If a man who wants you romantically has spent time talking to you for a long time and you don’t harbor these same romantic feelings, you do not owe it to him to continue talking. You can disappear off the face of the earth, if you wish, and that’s okay. Your safety is the utmost concern and not the opinions or expectations of others.

If you don’t feel like responding to someone, don’t respond. If you’d rather not attend a social event, then don’t attend. There may be social consequences, if they are friendships you’d rather maintain, but the choice is yours.

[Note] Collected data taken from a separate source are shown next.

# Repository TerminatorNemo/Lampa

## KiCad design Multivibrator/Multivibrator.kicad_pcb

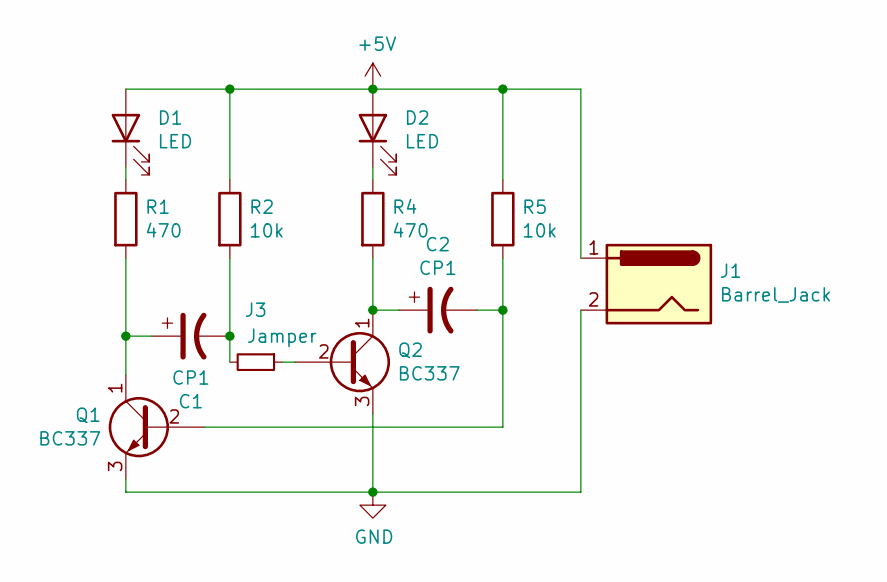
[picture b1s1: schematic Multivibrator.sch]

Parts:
C1, C2: CP1; CP_Elec_5x5.7
D1, D2: LED; D_0201_0603Metric
J1: Barrel_Jack; BarrelJack_Horizontal
J3: Jamper; R_Axial_DIN0207_L6.3mm_D2.5mm_P2.54mm_Vertical
Q1, Q2: BC337; TSOT-23
R1, R4: 470; R_0805_2012Metric
R2, R5: 10k; R_0805_2012Metric

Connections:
+5V: D1.2 (A), D2.2 (A), J1.1, R2.1, R5.1
GND: J1.2, Q1.3 (E), Q2.3 (E)
unnamed: C1.1, Q1.1 (C), R1.2
unnamed: C1.2, J3.2, R2.2
unnamed: C2.1, Q2.1 (C), R4.2
unnamed: C2.2, Q1.2 (B), R5.2
unnamed: D1.1 (K), R1.1
unnamed: D2.1 (K), R4.1
unnamed: J3.1, Q2.2 (B)

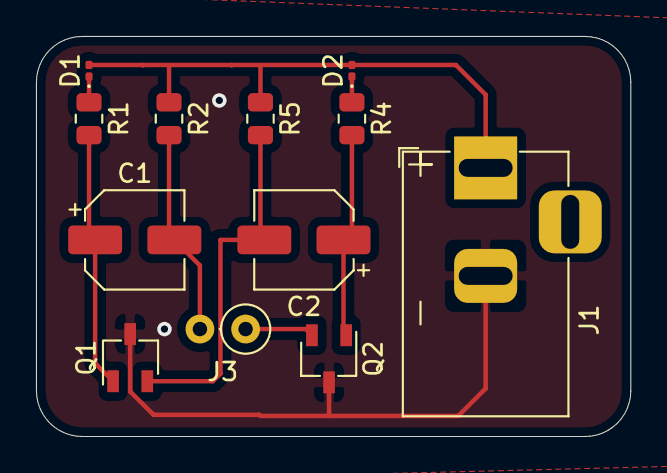
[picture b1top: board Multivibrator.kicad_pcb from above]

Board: 2 copper layers, 33.0 x 22.2 mm, 12 parts (0 on the bottom side), 9 nets.

You can’t please everybody and you can only do what is in your best interest. When you have true friends and meaningful relationships beyond those you wish to sever, then you may make more selfless decisions because their actions have given you the trust and security needed to feel comfortable about it, but don’t force it.

Don’t let the expectations of your acquaintances dictate your behavior, if it’s not the behavior you want to be associated with or it’s not in your best interest.

Free Others from Expectations While Freeing Yourself

In all fairness, levying these types of boundaries and taking your own life back into your own hands is only great if it’s even-handed.

Now that you’ve considered so many of the ways other people influence and dictate your own life, take a moment to survey how you treat people as well.

It’s not right to expect a certain level of flexibility in others and not grant them the same privilege. Make sure you’re not the negative person influencing other people’s lives in harmful ways. Take stock in your role in the lives of those close to you and what benefits you mutually provide each other.

If the relationship only goes in one direction, it’s time to either change or reconsider the way you interact, no matter which side the greediness is coming from.

Practice Acceptance

Maybe a relationship you once treasured has now veered out of control into dangerous territory. Don’t blame yourself. That is not always a bad thing. People come into and leave our lives constantly and that is just the way that life needs to pan out sometimes.

Don’t fret and regret and obsess over the changes you’ve made to your life, wondering if it was the right decision. We’re all where we are supposed to be in any given moment. It’s not that there’s no room for forgiveness, but that will take time. In the present context, you’re better off.

Take a deep breath, accept the choices you’ve made, and take solace in the fact that you’re actively taking the wheel when it comes to your own personal growth and development. Any brick you lay that takes you one step closer to happiness is a worthy pursuit.